Solomon retired from military service in 1905. With the declaration of war in 1914, he came out of retirement to establish the office of military censor for South Australia, and served as chief censor for over a year, before retiring due to pressure of work.

==Other interests==
Solomon was a prominent Freemason, a past grand warden, and a life member of the Lodge of Friendship.

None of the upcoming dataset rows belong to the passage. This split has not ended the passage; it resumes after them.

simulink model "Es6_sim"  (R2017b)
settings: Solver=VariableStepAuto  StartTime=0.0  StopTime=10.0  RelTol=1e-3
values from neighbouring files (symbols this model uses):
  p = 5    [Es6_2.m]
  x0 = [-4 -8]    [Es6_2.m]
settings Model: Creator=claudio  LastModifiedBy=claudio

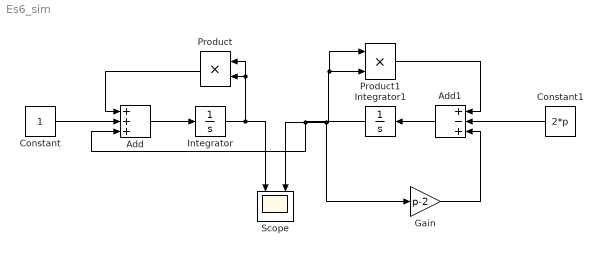
== system Es6_sim ==
  Add : Sum  Inputs=3
  Add1 : Sum  Inputs=+-+
  Constant : Constant
  Constant1 : Constant  Value=2*p
  Gain : Gain  Gain=p-2
  Integrator : Integrator  InitialCondition=x0(1)
  Integrator1 : Integrator  InitialCondition=x0(2)
  Product : Product
  Product1 : Product
  Scope : Scope  NumInputPorts=2
  wires:
  Add/1 -> Integrator/1
  Integrator/1 -> Scope/1, Product/1, Product/2
  Product/1 -> Add/1
  Constant/1 -> Add/2
  Integrator1/1 -> Scope/2, Gain/1, Product1/1, Product1/2, Add/3
  Add1/1 -> Integrator1/1
  Product1/1 -> Add1/1
  Constant1/1 -> Add1/2
  Gain/1 -> Add1/3

On two separate occasions at Glenelg he saved a stranger from drowning, and was recognised by the Royal Humane Society.

==Family==
Moss Judah Solomon (15 June 1843 – 11 February 1933), Vaiben Louis Solomon MHA MHR (13 May 1853 – 20 October 1908), and Elias Solomon MLA, MHR (2 September 1839 – 23 May 1909) were brothers, and Morris Lyon Marks MHA (7 September 1824 – 4 March 1893) and Maurice Salom MLC (1 July 1831 – 10 October 1903) were brothers-in-law.

Solomon married Louisa Lee (31 December 1846 – 27 December 1933) (Note: Louisa was a daughter of Philip Lee ( – 21 January 1861), SA's first Jewish settler, arriving on Tam O'Shanter in November 1836.) on 27 February 1867. Their children include:
- Rachel Henrietta Solomon (1868 – 10 February 1940) married Harry Chalinder (c. 1862 – 18 March 1941)
- Reginald Louis Solomon (1877 – 18 June 1939) was publisher of (Adelaide) Truth newspaper, later tax agent in partnership with his father.